[Entries taken from a collection]
== Segment start ==
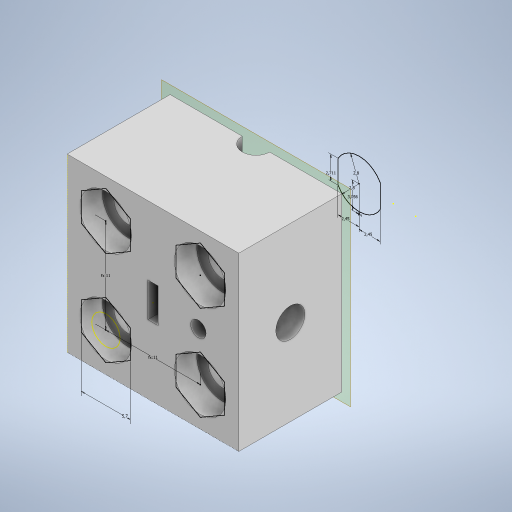
# Autodesk Inventor part: DFZ_bottom_fl_1mm_v3
Saved by Autodesk Inventor 2023 (Build 270158000, 158)
## iProperties
Created: 2019-07-31
Part Number: DFZ_bottom_fl_1mm_v3
Material: Generisch
Document SubType Name: Modeling
Designer: maximilian
Density: 1 g/cm^3
Appearance: Vorgabe
Author: maximilian
Autodesk Inventor part; units mm, degrees
ref_plane "YZ Plane" through (0, 0, 0) normal (1, 0, 0) x (0, 1, 0)
ref_plane "XZ Plane" through (0, 0, 0) normal (0, 1, 0) x (-1, 0, 0)
ref_plane "XY Plane" through (0, 0, 0) normal (0, 0, 1) x (1, 0, 0)
sketch "Skizze1" plane through (0, 0, 0) normal (0, 0, 1) x (1, 0, 0)
  line L0 (10, -10) -> (-10, -10)
  line L1 (-10, -10) -> (-10, 10)
  line L2 (-10, 10) -> (10, 10)
  line L3 (10, 10) -> (10, -10)
  line L4 (10, -10) -> (-10, 10) construction
  line L5 (-10, -10) -> (10, 10) construction
  point P0 (0, 0)
  dimension "d0" = 20
  dimension "d1" = 20
  constraints: 12 end point, 2 midpoint, 2 parallel, 1 horizontal, 1 perpendicular
  measures "d0" distance of L1.end L2.end
  measures "d1" distance of L0.end L1.end
extrude "Extrusion1" add sketch "Skizze1" along normal blind 24
sketch "Skizze2" plane through (-10, 10, 0) normal (0, 1, 0) x (1, 0, 0)
  line L0 (20, 0) -> (0, 0) construction
  line L1 (20, -24) -> (0, -24) construction
  line L2 (0, 0) -> (20, -24) construction
  line L3 (20, 0) -> (0, -24) construction
  circle A0 centre (10, -12) radius 1.6
  point P0 (10, 0)
  dimension "d4" = 3.2
  constraints: 4 end point, 1 centre point, 1 midpoint
  measures "d4" diameter of A0
extrude "Extrusion2" cut sketch "Skizze2" against normal through all
sketch "Skizze3" plane through (0, 0, 0) normal (0, 0, -1) x (-1, 0, 0)
  line L0 (-2.45, 1.3555) -> (-2.45, -1.3555)
  line L1 (2.45, -1.3555) -> (2.45, 1.3555)
  arc A0 (2.45, 1.3555) -> (-2.45, 1.3555) centre (0, 0) ccw
  arc A1 (-2.45, -1.3555) -> (2.45, -1.3555) centre (0, 0) ccw
  point P0 (0, -3.0564)
  dimension "d82" = 0
  dimension "d83" = 2.7111
  dimension "d84" = 2.8
  dimension "d85" = 2.8
  dimension "d86" = 2.45
  dimension "d87" = 2.45
  dimension "d88" = 3.0564
  constraints: 4 end point, 4 point on circle, 2 centre point, 1 coincident, 1 parallel
  measures "d82" horizontal distance of point (0, 0) point (0, -3.056)
  measures "d83" distance of L1.start L1.end
  measures "d84" radius of A1
  measures "d85" radius of A0
  measures "d86" distance from line of point (0, 0) L0
  measures "d87" horizontal distance of point (0, 0) L1.start
  measures "d88" distance of point (0, 0) point (0, -3.056)
extrude "Extrusion3" cut sketch "Skizze3" against normal through all
ref_plane "Arbeitsebene1" through (0, 0, 12) normal (0, 0, -1) x (-1, 0, 0)
sketch "Skizze4" plane through (0, 0, 0) normal (0, 0, -1) x (-1, 0, 0)
  line L0 (-10, -10) -> (-10, 10) projected
  line L1 (10, -10) -> (-10, -10) projected
  point P0 (0, 0)
  point P1 (-5.5, -5.5)
  point P2 (-5.5, 5.5)
  point P3 (5.5, -5.5)
  point P4 (5.5, 5.5)
  dimension "d11" = 4.5
  dimension "d12" = 4.5
  dimension "d15" = 11
  dimension "d18" = 11
  constraints: 1 horizontal, 1 vertical, 3 other
  measures "d11" distance from line of L0 point (-5.5, -5.5)
  measures "d12" distance from line of L1 point (-5.5, -5.5)
  measures "d15" distance of point (-5.5, -5.5) point (-5.5, 5.5)
  measures "d18" distance of point (-5.5, -5.5) point (5.5, -5.5)
hole "Bohrung1" at (5.5, -5.5, 0) at (5.5, 5.5, 0) at (-5.5, -5.5, 0) at (-5.5, 5.5, 0) direction (0, 0, 1) diameter 3.3 end through all counterbore diameter 5.5 counterbore depth 3.1
sketch "Skizze5" plane through (0, 0, 24) normal (0, 0, 1) x (1, 0, 0)
  circle A0 centre (-5.5, -5.5) radius 1.65 projected
  line L0 (-8.35, -3.8546) -> (-5.5, -2.2091)
  line L1 (-5.5, -2.2091) -> (-2.65, -3.8546)
  line L2 (-2.65, -3.8546) -> (-2.65, -7.1454)
  line L3 (-2.65, -7.1454) -> (-5.5, -8.7909)
  line L4 (-5.5, -8.7909) -> (-8.35, -7.1454)
  line L5 (-8.35, -7.1454) -> (-8.35, -3.8546)
  line L6 (-10, 10) -> (-10, -10) construction
  line L7 (-10, -10) -> (10, -10) construction
  line L8 (-10, -10) -> (10, -10) construction
  line L9 (2.65, -3.8546) -> (5.5, -2.2091)
  line L10 (5.5, -2.2091) -> (8.35, -3.8546)
  line L11 (8.35, -3.8546) -> (8.35, -7.1454)
  line L12 (8.35, -7.1454) -> (5.5, -8.7909)
  line L13 (5.5, -8.7909) -> (2.65, -7.1454)
  line L14 (2.65, -7.1454) -> (2.65, -3.8546)
  line L15 (-8.35, 7.1454) -> (-5.5, 8.7909)
  line L16 (-5.5, 8.7909) -> (-2.65, 7.1454)
  line L17 (-2.65, 7.1454) -> (-2.65, 3.8546)
  line L18 (-2.65, 3.8546) -> (-5.5, 2.2091)
  line L19 (-5.5, 2.2091) -> (-8.35, 3.8546)
  line L20 (-8.35, 3.8546) -> (-8.35, 7.1454)
  line L21 (2.65, 7.1454) -> (5.5, 8.7909)
  line L22 (5.5, 8.7909) -> (8.35, 7.1454)
  line L23 (8.35, 7.1454) -> (8.35, 3.8546)
  line L24 (8.35, 3.8546) -> (5.5, 2.2091)
  line L25 (5.5, 2.2091) -> (2.65, 3.8546)
  line L26 (2.65, 3.8546) -> (2.65, 7.1454)
  point P0 (0, 0)
  point P1 (5.5, -5.5)
  point P2 (-5.5, 5.5)
  point P3 (5.5, 5.5)
  dimension "d28" = 5.7
  dimension "d31" = 11
  dimension "d34" = 11
  constraints: 50 end point, 2 vertical, 1 coincident, 1 collinear, 1 horizontal, 52 other
  measures "d28" distance between parallel lines of L2 L5
  measures "d31" distance of point (-5.5, -5.5) point (5.5, -5.5)
  measures "d34" distance of point (-5.5, -5.5) point (-5.5, 5.5)
sketch "Skizze6" plane through (10, -10, 0) normal (1, 0, 0) x (0, 0, -1)
  line L0 (-10.4, 0) -> (-13.6, 0) construction
  line L1 (-24, 0) -> (-24, 20) construction
  line L2 (-12, 0) -> (-24, 20) construction
  line L3 (0, 20) -> (-24, 20) construction
  line L4 (0, 0) -> (-24, 0) construction
  line L5 (-12, 20) -> (-24, 0) construction
  line L6 (0, 20) -> (0, 0) construction
  line L7 (-12, 20) -> (0, 0) construction
  line L8 (0, 20) -> (-12, 0) construction
  point P0 (0, 10)
  point P1 (-18, 10)
  point P2 (-6, 10)
  constraints: 8 end point, 4 midpoint
hole "Bohrung2" at (10, 0, 18) at (10, 0, 6) direction (-1, 0, 0) diameter 2.5 depth 10 tip angle 118 counterbore diameter 5.9 counterbore depth 3.4125
split body "Trennen1" result two bodies by plane through (0, 0, 12) normal (0, 0, -1) first body at (-1.614, 9.39, 0.5)
ref_plane "Arbeitsebene2" through (-1.7063, 0, 18) normal (1, 0, 0) x (0, 0, -1)
ref_plane "Arbeitsebene3" through (-1.7063, 0, 18) normal (1, 0, 0) x (0, 0, -1)
sketch "Skizze7" plane through (6.5875, 0, 18) normal (1, 0, 0) x (0, 0, -1)
  line L0 (-57.5, 24.1046) -> (-60.35, 22.4591)
  line L1 (-57.5, 27.3954) -> (-57.5, 24.1046)
  line L2 (-60.35, 22.4591) -> (-63.2, 24.1046)
  line L3 (-60.35, 29.0409) -> (-57.5, 27.3954)
  circle A0 centre (-60.35, 25.75) radius 1.7
  line L4 (-63.2, 24.1046) -> (-63.2, 27.3954)
  line L5 (-63.2, 27.3954) -> (-60.35, 29.0409)
  line L6 (-60.35, 22.4591) -> (-45.6, 22.4591)
  line L7 (-60.35, 29.0409) -> (-45.6, 29.0409)
  line L8 (-45.6, 22.4591) -> (-45.6, 29.0409)
  line L9 (-57.5, 24.1046) -> (-60.35, 22.4591)
  line L10 (-57.5, 27.3954) -> (-57.5, 24.1046)
  line L11 (-60.35, 22.4591) -> (-63.2, 24.1046)
  line L12 (-60.35, 29.0409) -> (-57.5, 27.3954)
  circle A1 centre (-60.35, 25.75) radius 1.7
  line L13 (-63.2, 24.1046) -> (-63.2, 27.3954)
  line L14 (-63.2, 27.3954) -> (-60.35, 29.0409)
  line L15 (-60.35, 22.4591) -> (-45.6, 22.4591)
  line L16 (-60.35, 29.0409) -> (-45.6, 29.0409)
  line L17 (-45.6, 22.4591) -> (-45.6, 29.0409)
  circle A2 centre (0, 0) radius 1.25 projected
  line L18 (2.85, -1.6454) -> (0, -3.2909)
  line L19 (2.85, 1.6454) -> (2.85, -1.6454)
  circle A3 centre (0, 0) radius 1.7
  line L20 (0, 3.2909) -> (2.85, 1.6454)
  line L21 (-2.85, -1.6454) -> (-2.85, 1.6454)
  line L22 (-2.85, 1.6454) -> (0, 3.2909)
  line L23 (0, 3.2909) -> (14.75, 3.2909)
  line L24 (14.75, -3.2909) -> (14.75, 3.2909)
  line L25 (0, -3.2909) -> (14.75, -3.2909)
  line L26 (0, -3.2909) -> (-2.85, -1.6454)
  line L27 (2.85, -1.6454) -> (0, -3.2909)
  line L28 (2.85, 1.6454) -> (2.85, -1.6454)
  circle A4 centre (0, 0) radius 1.7
  line L29 (0, 3.2909) -> (2.85, 1.6454)
  line L30 (-2.85, -1.6454) -> (-2.85, 1.6454)
  line L31 (-2.85, 1.6454) -> (0, 3.2909)
  line L32 (0, 3.2909) -> (14.75, 3.2909)
  line L33 (14.75, -3.2909) -> (14.75, 3.2909)
  line L34 (0, -3.2909) -> (14.75, -3.2909)
  line L35 (0, -3.2909) -> (-2.85, -1.6454)
  point P0 (18, 0)
  dimension "d46" = 5.7
  dimension "d47" = 5.7
  dimension "d48" = 5.7
  dimension "d49" = 5.7
  constraints: 72 end point, 5 coincident, 4 centre point, 52 other
  measures "d46" distance between parallel lines of L4 L1
  measures "d47" distance between parallel lines of L13 L10
  measures "d48" distance between parallel lines of L21 L19
  measures "d49" distance between parallel lines of L30 L28
extrude "Extrusion5" cut sketch "Skizze7" against normal blind 2.6 contours L19 L20 L23 L24 L25 L18 | L18 L26 L21 L22 L20 L19 bodies 3
sketch "Skizze9" plane through (6.5875, 0, 18) normal (1, 0, 0) x (0, 0, -1)
  circle A0 centre (0, 0) radius 1.25
  circle A1 centre (0, 0) radius 2.95
  point P0 (18, 0)
  constraints: 2 centre point, 1 coincident
sketch "Skizze10" plane through (6.5875, 0, 18) normal (1, 0, 0) x (0, 0, -1)
  circle A0 centre (0, 0) radius 1.25 projected
  circle A1 centre (0, 0) radius 1.7
  point P0 (18, 0)
  constraints: 1 centre point, 1 coincident
extrude "Extrusion6" cut sketch "Skizze10" against normal up to surface (2.6 mm away) bodies 3
sketch "Skizze11" plane through (3.9875, 0, 18) normal (1, 0, 0) x (0, 0, -1)
  point P0 (18, 0)
sketch "Skizze12" plane through (10, 10, 12) normal (0, 0, -1) x (-1, 0, 0)
  line L0 (0, -20) -> (0, 0) projected
  line L1 (0, -13.2909) -> (0, -6.6893)
  line L2 (3.4125, -6.6893) -> (3.4125, -13.2909)
  line L3 (3.4125, -8.3546) -> (6.0125, -8.3546) projected
  line L4 (6.0125, -8.3546) -> (0, -8.3546)
  line L5 (0, -12.95) -> (0, -7.05) projected
  line L6 (3.4125, -11.6454) -> (6.0125, -11.6454) projected
  line L7 (6.0125, -11.6454) -> (0, -11.6454)
  point P0 (10, -10)
  point P1 (0, -11.6454)
  point P2 (0, -8.3546)
  constraints: 8 end point, 3 point on line, 2 perpendicular, 1 parallel
extrude "Extrusion7" add sketch "Skizze12" against normal up to surface (12 mm away) bodies 3
sketch "Skizze13" plane through (10, -10, 24) normal (1, 0, 0) x (0, 0, -1)
  circle A0 centre (6, 10) radius 1.25 projected
  circle A1 centre (6, 10) radius 1.25
  circle A2 centre (6, 10) radius 1.7
  point P0 (24, 10)
  dimension "d72" = 2.5
  dimension "d73" = 3.4
  constraints: 2 centre point, 2 coincident
  measures "d72" diameter of A0
  measures "d73" diameter of A2
extrude "Extrusion8" cut sketch "Skizze13" against normal blind 5 contours A0 bodies 3
sketch "Skizze14" plane through (10, -10, 24) normal (1, 0, 0) x (0, 0, -1)
  circle A0 centre (6, 10) radius 1.25 projected
  circle A1 centre (6, 10) radius 2.95
  line L0 (8.4485, 8.3546) -> (3.5515, 8.3546) projected
  line L1 (3.5515, 8.3546) -> (8.4485, 8.3546)
  arc A2 (8.4485, 11.6454) -> (5.2345, 12.849) centre (6, 10) ccw projected
  line L2 (3.5515, 11.6454) -> (8.4485, 11.6454)
  point P0 (24, 10)
  constraints: 5 end point, 2 point on circle, 1 centre point, 1 coincident, 1 collinear, 1 horizontal
extrude "Extrusion9" add sketch "Skizze14" against normal up to surface (3.4125 mm away) contours L2 A1 | A1 L0 bodies 3
sketch "Skizze15" plane through (10, -10, 12) normal (0, 0, -1) x (-1, 0, 0)
  line L0 (6.0125, 6.7091) -> (6.0125, 8.3546) construction
  line L1 (3.4125, 13.2909) -> (3.4125, 11.6454) construction
  line L2 (6.0125, 6.7091) -> (3.4125, 13.2909) construction
  line L3 (3.4125, 8.3546) -> (3.4125, 6.7091) construction
  line L4 (3.4125, 13.2909) -> (3.4125, 6.7091) construction
  line L5 (6.0125, 11.6454) -> (6.0125, 13.2909) construction
  line L6 (3.4125, 6.7091) -> (6.0125, 13.2909) construction
  circle A0 centre (4.7125, 10) radius 0.9
  point P0 (10, 10)
  dimension "d63" = 1.8
  constraints: 6 end point, 1 centre point, 1 collinear, 1 midpoint
  measures "d63" diameter of A0
extrude "Extrusion10" cut sketch "Skizze15" against normal through all bodies 3
sketch "Skizze16" plane through (0, 0, 24) normal (0, 0, 1) x (1, 0, 0)
  circle A0 centre (-5.5, 5.5) radius 1.65 projected
  circle A1 centre (-5.5, 5.5) radius 3
  circle A2 centre (5.5, 5.5) radius 1.65 projected
  circle A3 centre (5.5, 5.5) radius 3
  circle A4 centre (5.5, -5.5) radius 1.65 projected
  circle A5 centre (5.5, -5.5) radius 3
  circle A6 centre (-5.5, -5.5) radius 1.65 projected
  circle A7 centre (-5.5, -5.5) radius 3
  point P0 (0, 0)
  dimension "d66" = 6
  dimension "d67" = 6
  dimension "d68" = 6
  dimension "d69" = 6
  constraints: 4 centre point, 4 coincident
  measures "d66" diameter of A1
  measures "d67" diameter of A3
  measures "d68" diameter of A7
  measures "d69" diameter of A5
extrude "Extrusion11" cut sketch "Skizze16" against normal blind 2.6 bodies 3
sketch "Skizze17" plane through (10, -10, 24) normal (1, 0, 0) x (0, 0, -1)
  circle A0 centre (6, 10) radius 1.25 projected
  circle A1 centre (6, 10) radius 1.7
  point P0 (24, 10)
  dimension "d74" = 3.4
  constraints: 1 centre point, 1 coincident
  measures "d74" diameter of A1
extrude "Extrusion12" cut sketch "Skizze17" against normal blind 10 contours A0 | A1 bodies 3
sketch "Skizze18" plane through (-10, -10, 24) normal (-1, 0, 0) x (0, 0, 1)
  line L0 (-12, 0) -> (-12, 12.2978) construction
  line L1 (-12, 20) -> (0, 20) construction
  line L2 (-12, 0) -> (0, 20) construction
  line L3 (0, 20) -> (-12, 20) construction
  line L4 (-12, 0) -> (0, 0) construction
  line L5 (-12, 20) -> (0, 0) construction
  line L6 (-6, 10) -> (-12, 10) construction
  line L7 (-12, 12.2978) -> (-12, 12.2978) construction
  circle A0 centre (-12, 10) radius 1.8
  point P0 (-24, 10)
  dimension "d77" = 3.6
  constraints: 8 end point, 1 centre point, 1 coincident, 1 collinear, 1 midpoint, 1 point on line
  measures "d77" diameter of A0
extrude "Extrusion13" cut sketch "Skizze18" against normal blind 10 bodies 3
sketch "Skizze19" plane through (0, 0, 24) normal (0, 0, 1) x (1, 0, 0)
  line L0 (2.45, -1.3555) -> (2.45, 1.3555)
  line L1 (-2.45, 1.3555) -> (-2.45, -1.3555)
  line L2 (-0.6, -2) -> (0.6, -2)
  line L3 (0.6, -2) -> (0.6, 2)
  line L4 (0.6, 2) -> (-0.6, 2)
  line L5 (-0.6, 2) -> (-0.6, -2)
  arc A0 (-2.45, -1.3555) -> (2.45, -1.3555) centre (0, 0) ccw
  arc A1 (2.45, 1.3555) -> (-2.45, 1.3555) centre (0, 0) ccw
  point P0 (0, 0)
  point P1 (0, 3.114)
  dimension "d93" = 1.2
  dimension "d94" = 4
  dimension "d95" = 0.6
  dimension "d96" = 2
  dimension "d99" = 0
  dimension "d100" = 2.45
  dimension "d101" = 2.8
  dimension "d102" = 2.8
  dimension "d103" = 2.45
  dimension "d104" = 3.114
  dimension "d105" = 2.45
  constraints: 12 end point, 4 point on circle, 3 parallel, 2 centre point, 1 coincident, 1 horizontal, 1 perpendicular
  measures "d93" distance of L4.end L3.end
  measures "d94" distance of L3.end L2.end
  measures "d95" distance from line of point (0, 0) L3
  measures "d96" distance from line of point (0, 0) L4
  measures "d99" horizontal distance of point (0, 0) point (0, 3.114)
  measures "d100" distance from line of point (0, 0) L0
  measures "d101" radius of A1
  measures "d102" radius of A0
  measures "d103" horizontal distance of point (0, 0) L1.end
  measures "d104" distance of point (0, 0) point (0, 3.114)
  measures "d105" horizontal distance of point (0, 0) L0.start
extrude "Extrusion14" add sketch "Skizze19" against normal blind 6 bodies 3
equation "\"d15\" = d1 - 2 * d12"
equation "\"d18\" = d1 - 2 * d12"
equation "\"d31\" = d1 - 2 * d12"
equation "\"d34\" = d1 - 2 * d12"
equation "\"d95\" = 0.5 * d93"
equation "\"d96\" = 0.5 * d94"
equation "\"d10\" = -0.5 * d2"
equation "\"d2\" = 24"
== Segment end ==
### Task description
The entries above hold a line with "point P3 (5.5, 5.5)" and a later line with "line L5 (-63.2, 27.3954)". Write out exactly those lines and all lines between, nothing more.

### Task solution
  point P3 (5.5, 5.5)
  dimension "d28" = 5.7
  dimension "d31" = 11
  dimension "d34" = 11
  constraints: 50 end point, 2 vertical, 1 coincident, 1 collinear, 1 horizontal, 52 other
  measures "d28" distance between parallel lines of L2 L5
  measures "d31" distance of point (-5.5, -5.5) point (5.5, -5.5)
  measures "d34" distance of point (-5.5, -5.5) point (-5.5, 5.5)
sketch "Skizze6" plane through (10, -10, 0) normal (1, 0, 0) x (0, 0, -1)
  line L0 (-10.4, 0) -> (-13.6, 0) construction
  line L1 (-24, 0) -> (-24, 20) construction
  line L2 (-12, 0) -> (-24, 20) construction
  line L3 (0, 20) -> (-24, 20) construction
  line L4 (0, 0) -> (-24, 0) construction
  line L5 (-12, 20) -> (-24, 0) construction
  line L6 (0, 20) -> (0, 0) construction
  line L7 (-12, 20) -> (0, 0) construction
  line L8 (0, 20) -> (-12, 0) construction
  point P0 (0, 10)
  point P1 (-18, 10)
  point P2 (-6, 10)
  constraints: 8 end point, 4 midpoint
hole "Bohrung2" at (10, 0, 18) at (10, 0, 6) direction (-1, 0, 0) diameter 2.5 depth 10 tip angle 118 counterbore diameter 5.9 counterbore depth 3.4125
split body "Trennen1" result two bodies by plane through (0, 0, 12) normal (0, 0, -1) first body at (-1.614, 9.39, 0.5)
ref_plane "Arbeitsebene2" through (-1.7063, 0, 18) normal (1, 0, 0) x (0, 0, -1)
ref_plane "Arbeitsebene3" through (-1.7063, 0, 18) normal (1, 0, 0) x (0, 0, -1)
sketch "Skizze7" plane through (6.5875, 0, 18) normal (1, 0, 0) x (0, 0, -1)
  line L0 (-57.5, 24.1046) -> (-60.35, 22.4591)
  line L1 (-57.5, 27.3954) -> (-57.5, 24.1046)
  line L2 (-60.35, 22.4591) -> (-63.2, 24.1046)
  line L3 (-60.35, 29.0409) -> (-57.5, 27.3954)
  circle A0 centre (-60.35, 25.75) radius 1.7
  line L4 (-63.2, 24.1046) -> (-63.2, 27.3954)
  line L5 (-63.2, 27.3954) -> (-60.35, 29.0409)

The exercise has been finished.